EXERCISE PROMPT => Stop after the line containing "At the start: 102.3": print each line exactly from the first line of the listing up to that point.

DATA SHOWN =>
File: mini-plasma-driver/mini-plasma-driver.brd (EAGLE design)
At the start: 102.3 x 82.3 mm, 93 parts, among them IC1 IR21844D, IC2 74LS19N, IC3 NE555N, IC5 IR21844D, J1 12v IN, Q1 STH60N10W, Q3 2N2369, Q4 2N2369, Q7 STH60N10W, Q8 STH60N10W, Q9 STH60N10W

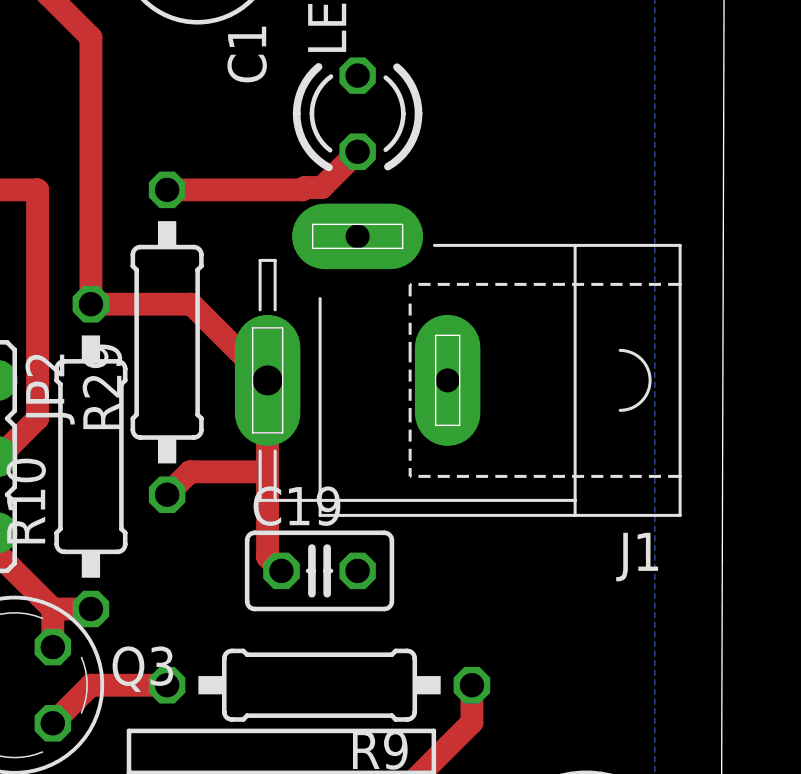
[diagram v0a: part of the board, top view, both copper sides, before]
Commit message: replace 12v barrel connector
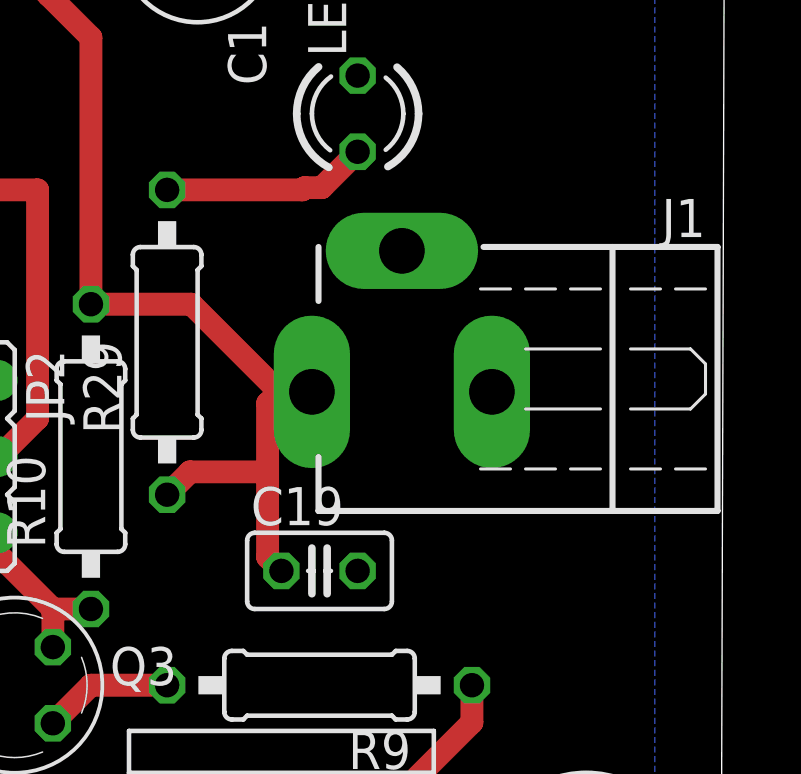
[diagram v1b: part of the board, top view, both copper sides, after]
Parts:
- J1: value 12v IN -> DC21P; device con-jack:SPC4077 -> keves:CUI-PJ-102AH
- moved J1 4.58 mm to (87.4, 23.4), turned to 270 degrees
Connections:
- net 12V: now also J1.+; no longer J1.3
- net GND: now also J1.-; no longer J1.1
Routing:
- net 12V: track 190.9 -> 192.3 mm
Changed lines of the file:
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@@
 <element name="IC3" library="linear" library_urn="urn:adsk.eagle:library:262" package="DIL08" package3d_urn="urn:adsk.eagle:package:16409/2" value="NE555N" x="62.23" y="8.89"/>
 <element name="IC5" library="irs" package="DIL14" value="IR21844D" x="50.292" y="44.704"/>
-<element name="J1" library="con-jack" library_urn="urn:adsk.eagle:library:154" package="SPC4077" package3d_urn="urn:adsk.eagle:package:7492/1" value="12v IN" x="88.9" y="19.05" rot="R180">
-<attribute name="MF" value="" x="88.9" y="19.05" size="1.778" layer="27" rot="R180" display="off"/>
-<attribute name="MPN" value="" x="88.9" y="19.05" size="1.778" layer="27" rot="R180" display="off"/>
-<attribute name="OC_FARNELL" value="unknown" x="88.9" y="19.05" size="1.778" layer="27" rot="R180" display="off"/>
-<attribute name="OC_NEWARK" value="unknown" x="88.9" y="19.05" size="1.778" layer="27" rot="R180" display="off"/>
-</element>
 <element name="JP1" library="jumper" library_urn="urn:adsk.eagle:library:252" package="JP1" package3d_urn="urn:adsk.eagle:package:15455/1" value="" x="9.144" y="65.786" rot="MR180"/>
 <element name="JP2" library="jumper" library_urn="urn:adsk.eagle:library:252" package="JP2" package3d_urn="urn:adsk.eagle:package:15452/1" value="" x="76.2" y="16.51" rot="R270"/>
@@
 <attribute name="BOM" value="EXCLUDE" x="17" y="77" size="1.778" layer="27" display="off"/>
 </element>
+<element name="J1" library="keves" package="CUI-PJ-102AH" value="DC21P" x="87.376" y="23.368" rot="R270"/>
 </elements>
 <signals>
@@
 <contactref element="R29" pad="1"/>
 <contactref element="C19" pad="1"/>
-<contactref element="J1" pad="3"/>
 <contactref element="JP3" pad="1"/>
 <wire x1="86.36" y1="12.7" x2="85.9" y2="13.16" width="0.762" layer="1"/>
 <wire x1="85.9" y1="13.16" x2="85.9" y2="16.002" width="0.762" layer="1"/>
-<wire x1="85.9" y1="16.002" x2="85.9" y2="19.05" width="0.762" layer="1"/>
 <wire x1="82.55" y1="15.24" x2="83.312" y2="16.002" width="0.762" layer="1"/>
 <wire x1="83.312" y1="16.002" x2="85.9" y2="16.002" width="0.762" layer="1"/>
 <wire x1="80.01" y1="21.59" x2="83.36" y2="21.59" width="0.762" layer="1"/>
-<wire x1="83.36" y1="21.59" x2="85.9" y2="19.05" width="0.762" layer="1"/>
 <wire x1="69.85" y1="5.08" x2="66.04" y2="5.08" width="0.762" layer="1"/>
 <wire x1="58.42" y1="12.7" x2="60.706" y2="10.414" width="0.762" layer="1"/>
@@
 <wire x1="83.566" y1="34.544" x2="83.566" y2="37.592" width="0.762" layer="1"/>
 <wire x1="83.566" y1="37.592" x2="83.566" y2="40.894" width="0.762" layer="1"/>
+<contactref element="J1" pad="+"/>
+<wire x1="83.36" y1="21.59" x2="86.282" y2="18.668" width="0.762" layer="1"/>
+<wire x1="86.282" y1="18.668" x2="87.376" y2="18.668" width="0.762" layer="1"/>
+<wire x1="85.9" y1="16.002" x2="85.9" y2="18.286" width="0.762" layer="1"/>
+<wire x1="85.9" y1="18.286" x2="86.282" y2="18.668" width="0.762" layer="1"/>
 </signal>
 <signal name="GND">
@@
 <contactref element="IC2" pad="5"/>
 <contactref element="C19" pad="2"/>
-<contactref element="J1" pad="1"/>
 <contactref element="JP3" pad="2"/>
 <contactref element="LED3_GREEN" pad="K"/>
@@
 <vertex x="98.552" y="2.032"/>
 </polygon>
+<contactref element="J1" pad="-"/>
 </signal>
 <signal name="N$1">

COMPLETED TASK =>
File: mini-plasma-driver/mini-plasma-driver.brd (EAGLE design)
At the start: 102.3 x 82.3 mm, 93 parts, among them IC1 IR21844D, IC2 74LS19N, IC3 NE555N, IC5 IR21844D, J1 12v IN, Q1 STH60N10W, Q3 2N2369, Q4 2N2369, Q7 STH60N10W, Q8 STH60N10W, Q9 STH60N10W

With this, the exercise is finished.